STORED DATA Block Start

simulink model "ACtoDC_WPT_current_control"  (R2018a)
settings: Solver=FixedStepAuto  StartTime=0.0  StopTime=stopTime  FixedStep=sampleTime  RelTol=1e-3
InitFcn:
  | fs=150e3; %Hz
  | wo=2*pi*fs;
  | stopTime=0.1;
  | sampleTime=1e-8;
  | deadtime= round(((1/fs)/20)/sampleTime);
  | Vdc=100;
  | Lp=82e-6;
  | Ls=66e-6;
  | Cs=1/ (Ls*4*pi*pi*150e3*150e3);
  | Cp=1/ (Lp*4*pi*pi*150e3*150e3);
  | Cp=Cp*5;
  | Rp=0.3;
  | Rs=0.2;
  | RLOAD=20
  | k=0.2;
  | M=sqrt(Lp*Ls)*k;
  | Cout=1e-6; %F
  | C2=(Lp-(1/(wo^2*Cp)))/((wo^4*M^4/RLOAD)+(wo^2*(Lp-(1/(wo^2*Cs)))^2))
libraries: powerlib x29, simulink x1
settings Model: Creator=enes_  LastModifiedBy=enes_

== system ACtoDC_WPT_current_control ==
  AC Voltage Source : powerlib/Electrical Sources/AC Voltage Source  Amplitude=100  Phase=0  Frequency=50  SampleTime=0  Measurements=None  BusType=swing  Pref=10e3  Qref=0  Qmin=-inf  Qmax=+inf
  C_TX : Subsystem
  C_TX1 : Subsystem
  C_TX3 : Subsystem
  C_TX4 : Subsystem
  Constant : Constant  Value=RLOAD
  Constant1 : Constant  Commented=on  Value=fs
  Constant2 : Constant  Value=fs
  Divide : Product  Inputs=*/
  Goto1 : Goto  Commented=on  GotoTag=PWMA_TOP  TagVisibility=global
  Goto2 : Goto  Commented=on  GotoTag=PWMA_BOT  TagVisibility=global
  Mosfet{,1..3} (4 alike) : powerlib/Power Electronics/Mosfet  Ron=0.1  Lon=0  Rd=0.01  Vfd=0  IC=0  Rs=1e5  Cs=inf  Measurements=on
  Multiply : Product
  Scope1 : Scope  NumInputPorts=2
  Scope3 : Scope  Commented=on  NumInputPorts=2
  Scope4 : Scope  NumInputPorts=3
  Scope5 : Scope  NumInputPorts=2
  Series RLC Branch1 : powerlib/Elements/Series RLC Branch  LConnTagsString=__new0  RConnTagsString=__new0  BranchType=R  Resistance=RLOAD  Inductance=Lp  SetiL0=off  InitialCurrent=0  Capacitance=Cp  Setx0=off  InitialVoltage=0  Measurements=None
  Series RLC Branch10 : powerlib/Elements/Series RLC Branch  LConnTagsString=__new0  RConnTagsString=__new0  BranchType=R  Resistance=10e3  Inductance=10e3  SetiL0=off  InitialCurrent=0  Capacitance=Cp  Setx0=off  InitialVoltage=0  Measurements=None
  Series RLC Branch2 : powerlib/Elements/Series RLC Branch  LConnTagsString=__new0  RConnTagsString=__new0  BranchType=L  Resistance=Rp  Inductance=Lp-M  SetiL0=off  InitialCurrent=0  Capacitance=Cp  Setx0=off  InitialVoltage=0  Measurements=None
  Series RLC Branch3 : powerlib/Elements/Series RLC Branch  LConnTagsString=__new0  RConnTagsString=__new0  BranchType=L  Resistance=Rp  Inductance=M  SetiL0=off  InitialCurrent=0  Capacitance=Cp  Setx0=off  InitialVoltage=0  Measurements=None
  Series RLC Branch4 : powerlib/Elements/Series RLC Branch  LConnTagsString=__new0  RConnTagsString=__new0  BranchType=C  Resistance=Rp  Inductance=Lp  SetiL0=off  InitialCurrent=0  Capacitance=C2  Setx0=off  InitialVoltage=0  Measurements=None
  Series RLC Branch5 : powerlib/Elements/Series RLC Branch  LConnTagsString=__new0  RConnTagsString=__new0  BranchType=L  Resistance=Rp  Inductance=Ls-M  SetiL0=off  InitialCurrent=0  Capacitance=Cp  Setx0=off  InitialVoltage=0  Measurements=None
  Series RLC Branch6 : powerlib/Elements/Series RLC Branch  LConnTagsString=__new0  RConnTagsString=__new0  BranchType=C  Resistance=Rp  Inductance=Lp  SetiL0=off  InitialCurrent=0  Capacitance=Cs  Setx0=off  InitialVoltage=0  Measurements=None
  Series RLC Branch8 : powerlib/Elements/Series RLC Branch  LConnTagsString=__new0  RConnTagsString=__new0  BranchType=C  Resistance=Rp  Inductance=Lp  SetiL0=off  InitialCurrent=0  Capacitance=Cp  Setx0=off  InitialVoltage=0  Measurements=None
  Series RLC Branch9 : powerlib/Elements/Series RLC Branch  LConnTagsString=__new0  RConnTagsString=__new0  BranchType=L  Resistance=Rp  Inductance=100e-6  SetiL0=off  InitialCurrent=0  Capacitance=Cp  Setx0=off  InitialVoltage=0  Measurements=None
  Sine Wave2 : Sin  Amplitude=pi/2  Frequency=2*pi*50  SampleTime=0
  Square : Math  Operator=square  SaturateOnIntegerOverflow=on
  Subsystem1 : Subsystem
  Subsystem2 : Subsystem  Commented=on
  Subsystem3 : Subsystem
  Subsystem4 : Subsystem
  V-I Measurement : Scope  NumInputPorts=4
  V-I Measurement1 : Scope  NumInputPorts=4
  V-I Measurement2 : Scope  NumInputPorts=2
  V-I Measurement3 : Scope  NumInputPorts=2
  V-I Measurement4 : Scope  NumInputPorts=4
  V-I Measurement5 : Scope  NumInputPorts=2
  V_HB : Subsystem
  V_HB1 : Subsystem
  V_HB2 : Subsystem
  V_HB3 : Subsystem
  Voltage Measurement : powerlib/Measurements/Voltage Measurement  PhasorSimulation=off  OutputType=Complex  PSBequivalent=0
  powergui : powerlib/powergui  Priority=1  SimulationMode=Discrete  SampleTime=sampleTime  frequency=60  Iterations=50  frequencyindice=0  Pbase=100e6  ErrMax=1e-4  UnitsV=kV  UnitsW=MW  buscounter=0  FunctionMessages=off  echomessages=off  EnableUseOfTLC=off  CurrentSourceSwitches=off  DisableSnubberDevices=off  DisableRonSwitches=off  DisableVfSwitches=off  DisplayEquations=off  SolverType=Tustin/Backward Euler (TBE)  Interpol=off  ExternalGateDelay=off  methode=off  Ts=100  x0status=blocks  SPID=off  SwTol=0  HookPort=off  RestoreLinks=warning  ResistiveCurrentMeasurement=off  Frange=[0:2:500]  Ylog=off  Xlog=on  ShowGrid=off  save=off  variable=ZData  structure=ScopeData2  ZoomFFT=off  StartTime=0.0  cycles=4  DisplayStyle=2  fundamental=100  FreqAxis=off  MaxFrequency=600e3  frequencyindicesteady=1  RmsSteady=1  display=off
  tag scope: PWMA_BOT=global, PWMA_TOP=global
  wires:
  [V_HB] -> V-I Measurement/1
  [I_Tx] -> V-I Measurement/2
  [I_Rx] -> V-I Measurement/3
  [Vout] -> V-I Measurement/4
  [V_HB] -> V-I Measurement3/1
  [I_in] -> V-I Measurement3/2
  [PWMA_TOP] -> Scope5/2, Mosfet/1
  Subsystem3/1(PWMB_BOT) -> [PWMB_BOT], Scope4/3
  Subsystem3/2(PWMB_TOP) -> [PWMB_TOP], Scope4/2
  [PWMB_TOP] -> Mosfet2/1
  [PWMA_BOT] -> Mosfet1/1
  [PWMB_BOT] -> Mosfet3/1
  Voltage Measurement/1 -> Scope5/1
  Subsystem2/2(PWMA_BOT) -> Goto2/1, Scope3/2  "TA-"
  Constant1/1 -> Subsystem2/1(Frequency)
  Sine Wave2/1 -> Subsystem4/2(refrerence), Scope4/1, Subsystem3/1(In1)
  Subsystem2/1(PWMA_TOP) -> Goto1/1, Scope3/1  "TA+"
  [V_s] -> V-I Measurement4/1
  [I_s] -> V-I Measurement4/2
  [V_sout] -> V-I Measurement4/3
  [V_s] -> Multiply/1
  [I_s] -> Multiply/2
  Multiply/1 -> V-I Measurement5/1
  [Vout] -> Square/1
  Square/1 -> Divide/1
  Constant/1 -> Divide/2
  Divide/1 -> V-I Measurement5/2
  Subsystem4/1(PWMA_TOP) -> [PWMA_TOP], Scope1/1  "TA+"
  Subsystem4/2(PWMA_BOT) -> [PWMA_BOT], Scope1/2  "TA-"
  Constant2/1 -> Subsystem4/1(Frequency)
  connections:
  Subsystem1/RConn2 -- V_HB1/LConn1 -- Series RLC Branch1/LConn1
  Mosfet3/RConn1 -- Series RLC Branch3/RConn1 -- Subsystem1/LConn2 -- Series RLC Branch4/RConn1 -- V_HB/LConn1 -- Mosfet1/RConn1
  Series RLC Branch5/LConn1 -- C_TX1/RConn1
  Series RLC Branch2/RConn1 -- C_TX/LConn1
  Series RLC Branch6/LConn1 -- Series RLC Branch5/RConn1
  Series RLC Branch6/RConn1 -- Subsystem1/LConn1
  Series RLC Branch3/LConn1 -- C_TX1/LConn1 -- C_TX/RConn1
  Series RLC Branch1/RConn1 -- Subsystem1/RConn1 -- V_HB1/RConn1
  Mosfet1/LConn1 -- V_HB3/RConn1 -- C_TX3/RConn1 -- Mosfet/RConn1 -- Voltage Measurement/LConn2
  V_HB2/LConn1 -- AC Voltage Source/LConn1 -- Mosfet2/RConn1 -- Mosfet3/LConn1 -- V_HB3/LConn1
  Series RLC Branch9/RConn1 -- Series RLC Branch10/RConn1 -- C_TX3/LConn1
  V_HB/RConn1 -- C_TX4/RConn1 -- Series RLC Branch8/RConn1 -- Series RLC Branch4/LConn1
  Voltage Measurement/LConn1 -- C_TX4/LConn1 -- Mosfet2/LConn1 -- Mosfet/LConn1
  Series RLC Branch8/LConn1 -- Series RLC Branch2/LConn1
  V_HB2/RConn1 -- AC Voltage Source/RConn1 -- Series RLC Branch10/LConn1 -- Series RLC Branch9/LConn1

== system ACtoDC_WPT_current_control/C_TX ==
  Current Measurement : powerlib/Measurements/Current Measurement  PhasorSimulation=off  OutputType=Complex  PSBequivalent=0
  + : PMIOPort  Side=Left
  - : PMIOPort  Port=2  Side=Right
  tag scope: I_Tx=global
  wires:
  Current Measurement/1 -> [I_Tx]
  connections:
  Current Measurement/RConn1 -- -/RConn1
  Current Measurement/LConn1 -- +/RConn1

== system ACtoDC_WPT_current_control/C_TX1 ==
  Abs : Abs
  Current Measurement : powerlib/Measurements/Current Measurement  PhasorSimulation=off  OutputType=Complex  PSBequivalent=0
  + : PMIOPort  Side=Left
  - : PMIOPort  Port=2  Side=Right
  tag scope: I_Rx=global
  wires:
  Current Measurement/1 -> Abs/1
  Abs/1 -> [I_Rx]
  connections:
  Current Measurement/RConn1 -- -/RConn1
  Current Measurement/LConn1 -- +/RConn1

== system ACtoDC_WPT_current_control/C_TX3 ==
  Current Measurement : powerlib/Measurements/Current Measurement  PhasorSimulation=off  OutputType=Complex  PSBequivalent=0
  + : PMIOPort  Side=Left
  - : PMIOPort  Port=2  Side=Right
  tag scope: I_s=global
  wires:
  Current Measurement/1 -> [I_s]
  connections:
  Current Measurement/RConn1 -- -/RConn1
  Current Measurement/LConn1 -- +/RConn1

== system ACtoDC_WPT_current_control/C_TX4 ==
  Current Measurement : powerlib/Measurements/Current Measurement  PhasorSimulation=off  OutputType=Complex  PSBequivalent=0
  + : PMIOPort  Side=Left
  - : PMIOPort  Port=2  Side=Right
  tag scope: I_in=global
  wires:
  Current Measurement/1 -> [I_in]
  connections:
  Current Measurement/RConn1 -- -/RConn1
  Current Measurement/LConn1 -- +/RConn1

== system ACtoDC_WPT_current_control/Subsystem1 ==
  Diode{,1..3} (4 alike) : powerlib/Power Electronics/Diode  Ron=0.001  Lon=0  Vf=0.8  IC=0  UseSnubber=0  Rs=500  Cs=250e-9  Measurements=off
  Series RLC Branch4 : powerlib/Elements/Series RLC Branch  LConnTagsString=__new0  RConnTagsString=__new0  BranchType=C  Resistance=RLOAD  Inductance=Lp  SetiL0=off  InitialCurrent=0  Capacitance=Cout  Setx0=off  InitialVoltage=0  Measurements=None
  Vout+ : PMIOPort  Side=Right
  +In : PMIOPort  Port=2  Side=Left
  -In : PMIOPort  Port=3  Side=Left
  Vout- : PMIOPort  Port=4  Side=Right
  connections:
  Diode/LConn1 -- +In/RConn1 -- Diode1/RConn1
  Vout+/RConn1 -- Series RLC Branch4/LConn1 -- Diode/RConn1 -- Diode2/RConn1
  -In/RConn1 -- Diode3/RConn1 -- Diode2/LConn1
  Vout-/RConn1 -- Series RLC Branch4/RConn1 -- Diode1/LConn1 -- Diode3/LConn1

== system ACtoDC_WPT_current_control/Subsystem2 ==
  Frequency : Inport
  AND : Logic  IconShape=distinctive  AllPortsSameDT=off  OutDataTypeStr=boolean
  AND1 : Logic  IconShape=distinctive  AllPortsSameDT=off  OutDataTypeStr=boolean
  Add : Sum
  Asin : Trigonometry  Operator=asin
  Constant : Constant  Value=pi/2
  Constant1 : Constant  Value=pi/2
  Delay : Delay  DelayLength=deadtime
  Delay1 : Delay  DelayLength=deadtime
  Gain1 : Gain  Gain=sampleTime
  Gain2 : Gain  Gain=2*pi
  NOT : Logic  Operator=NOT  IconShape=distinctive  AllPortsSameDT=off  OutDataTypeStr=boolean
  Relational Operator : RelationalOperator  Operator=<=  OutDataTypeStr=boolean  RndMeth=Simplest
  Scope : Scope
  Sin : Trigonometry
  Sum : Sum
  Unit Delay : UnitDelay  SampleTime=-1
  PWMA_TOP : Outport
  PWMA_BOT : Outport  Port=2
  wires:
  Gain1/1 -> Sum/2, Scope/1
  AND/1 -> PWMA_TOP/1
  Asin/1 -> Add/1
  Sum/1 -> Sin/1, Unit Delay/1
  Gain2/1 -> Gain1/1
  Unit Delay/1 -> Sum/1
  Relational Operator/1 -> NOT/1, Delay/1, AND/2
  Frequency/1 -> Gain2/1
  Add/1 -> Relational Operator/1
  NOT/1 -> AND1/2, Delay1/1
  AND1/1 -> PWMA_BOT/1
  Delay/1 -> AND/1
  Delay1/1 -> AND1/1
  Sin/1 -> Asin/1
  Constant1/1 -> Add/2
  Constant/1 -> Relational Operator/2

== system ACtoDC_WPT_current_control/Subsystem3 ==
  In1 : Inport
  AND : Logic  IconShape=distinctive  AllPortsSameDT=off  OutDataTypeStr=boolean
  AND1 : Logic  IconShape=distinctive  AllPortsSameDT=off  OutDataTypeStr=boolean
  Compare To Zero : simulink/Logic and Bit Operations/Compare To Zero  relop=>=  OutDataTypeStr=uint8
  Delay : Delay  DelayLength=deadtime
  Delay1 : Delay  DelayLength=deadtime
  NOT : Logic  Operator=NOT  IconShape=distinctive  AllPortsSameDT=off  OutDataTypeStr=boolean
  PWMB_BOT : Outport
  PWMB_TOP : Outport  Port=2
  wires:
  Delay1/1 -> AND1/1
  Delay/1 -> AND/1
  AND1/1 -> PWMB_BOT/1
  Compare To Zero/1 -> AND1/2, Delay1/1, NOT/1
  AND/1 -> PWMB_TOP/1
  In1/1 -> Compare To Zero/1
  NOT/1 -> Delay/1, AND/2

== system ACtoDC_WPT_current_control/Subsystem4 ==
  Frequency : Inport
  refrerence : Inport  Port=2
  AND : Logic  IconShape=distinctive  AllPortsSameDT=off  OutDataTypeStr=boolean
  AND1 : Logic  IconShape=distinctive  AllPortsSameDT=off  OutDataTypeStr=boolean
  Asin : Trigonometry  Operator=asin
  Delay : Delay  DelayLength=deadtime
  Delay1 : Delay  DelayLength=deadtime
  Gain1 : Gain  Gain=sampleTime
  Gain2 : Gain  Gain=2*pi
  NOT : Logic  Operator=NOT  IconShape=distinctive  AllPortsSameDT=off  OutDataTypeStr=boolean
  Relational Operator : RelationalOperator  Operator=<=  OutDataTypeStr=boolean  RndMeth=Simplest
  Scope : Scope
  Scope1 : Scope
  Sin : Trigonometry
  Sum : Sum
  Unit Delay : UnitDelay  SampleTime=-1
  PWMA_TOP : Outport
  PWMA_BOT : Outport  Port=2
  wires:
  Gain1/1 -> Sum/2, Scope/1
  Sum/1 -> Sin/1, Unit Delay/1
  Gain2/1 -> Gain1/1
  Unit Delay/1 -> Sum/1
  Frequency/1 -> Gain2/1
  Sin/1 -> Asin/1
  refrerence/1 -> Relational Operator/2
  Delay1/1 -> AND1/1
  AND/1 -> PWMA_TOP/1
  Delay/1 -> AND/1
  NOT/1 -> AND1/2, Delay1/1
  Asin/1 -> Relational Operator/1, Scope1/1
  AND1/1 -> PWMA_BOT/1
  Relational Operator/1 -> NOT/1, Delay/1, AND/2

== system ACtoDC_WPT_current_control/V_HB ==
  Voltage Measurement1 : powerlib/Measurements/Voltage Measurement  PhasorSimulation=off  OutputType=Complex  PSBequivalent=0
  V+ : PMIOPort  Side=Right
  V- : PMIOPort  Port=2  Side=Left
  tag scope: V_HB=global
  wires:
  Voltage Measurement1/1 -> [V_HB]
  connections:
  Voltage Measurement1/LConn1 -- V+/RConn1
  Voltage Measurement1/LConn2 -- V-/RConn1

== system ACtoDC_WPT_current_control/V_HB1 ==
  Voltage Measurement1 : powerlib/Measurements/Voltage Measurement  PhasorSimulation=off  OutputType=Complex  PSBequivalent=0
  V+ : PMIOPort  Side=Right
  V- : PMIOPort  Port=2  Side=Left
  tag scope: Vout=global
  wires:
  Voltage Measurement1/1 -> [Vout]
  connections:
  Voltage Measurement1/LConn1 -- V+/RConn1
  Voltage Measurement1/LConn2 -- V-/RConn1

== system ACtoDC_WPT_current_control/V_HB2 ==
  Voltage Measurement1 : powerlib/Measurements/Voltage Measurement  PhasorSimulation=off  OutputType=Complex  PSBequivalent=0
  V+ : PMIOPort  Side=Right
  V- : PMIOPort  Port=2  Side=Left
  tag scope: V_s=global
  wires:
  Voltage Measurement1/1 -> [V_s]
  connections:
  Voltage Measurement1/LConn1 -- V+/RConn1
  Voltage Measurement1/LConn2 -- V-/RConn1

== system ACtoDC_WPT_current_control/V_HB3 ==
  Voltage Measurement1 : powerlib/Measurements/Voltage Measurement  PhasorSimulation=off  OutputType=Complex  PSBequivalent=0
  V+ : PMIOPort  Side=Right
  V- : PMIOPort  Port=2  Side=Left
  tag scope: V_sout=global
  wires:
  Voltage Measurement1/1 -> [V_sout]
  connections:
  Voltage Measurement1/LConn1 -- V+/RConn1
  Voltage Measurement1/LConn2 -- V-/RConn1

STORED DATA Block End

== ASSIGNED TASK ==
Only one stretch of the data above is needed. Restate it word for word, from the line containing "Subsystem1/RConn2 -- V_HB1/LConn1" through the line containing "Current Measurement/1 -> [I_Tx]", both ends included.

== OUTPUT OF THE EXERCISE ==
  Subsystem1/RConn2 -- V_HB1/LConn1 -- Series RLC Branch1/LConn1
  Mosfet3/RConn1 -- Series RLC Branch3/RConn1 -- Subsystem1/LConn2 -- Series RLC Branch4/RConn1 -- V_HB/LConn1 -- Mosfet1/RConn1
  Series RLC Branch5/LConn1 -- C_TX1/RConn1
  Series RLC Branch2/RConn1 -- C_TX/LConn1
  Series RLC Branch6/LConn1 -- Series RLC Branch5/RConn1
  Series RLC Branch6/RConn1 -- Subsystem1/LConn1
  Series RLC Branch3/LConn1 -- C_TX1/LConn1 -- C_TX/RConn1
  Series RLC Branch1/RConn1 -- Subsystem1/RConn1 -- V_HB1/RConn1
  Mosfet1/LConn1 -- V_HB3/RConn1 -- C_TX3/RConn1 -- Mosfet/RConn1 -- Voltage Measurement/LConn2
  V_HB2/LConn1 -- AC Voltage Source/LConn1 -- Mosfet2/RConn1 -- Mosfet3/LConn1 -- V_HB3/LConn1
  Series RLC Branch9/RConn1 -- Series RLC Branch10/RConn1 -- C_TX3/LConn1
  V_HB/RConn1 -- C_TX4/RConn1 -- Series RLC Branch8/RConn1 -- Series RLC Branch4/LConn1
  Voltage Measurement/LConn1 -- C_TX4/LConn1 -- Mosfet2/LConn1 -- Mosfet/LConn1
  Series RLC Branch8/LConn1 -- Series RLC Branch2/LConn1
  V_HB2/RConn1 -- AC Voltage Source/RConn1 -- Series RLC Branch10/LConn1 -- Series RLC Branch9/LConn1

== system ACtoDC_WPT_current_control/C_TX ==
  Current Measurement : powerlib/Measurements/Current Measurement  PhasorSimulation=off  OutputType=Complex  PSBequivalent=0
  + : PMIOPort  Side=Left
  - : PMIOPort  Port=2  Side=Right
  tag scope: I_Tx=global
  wires:
  Current Measurement/1 -> [I_Tx]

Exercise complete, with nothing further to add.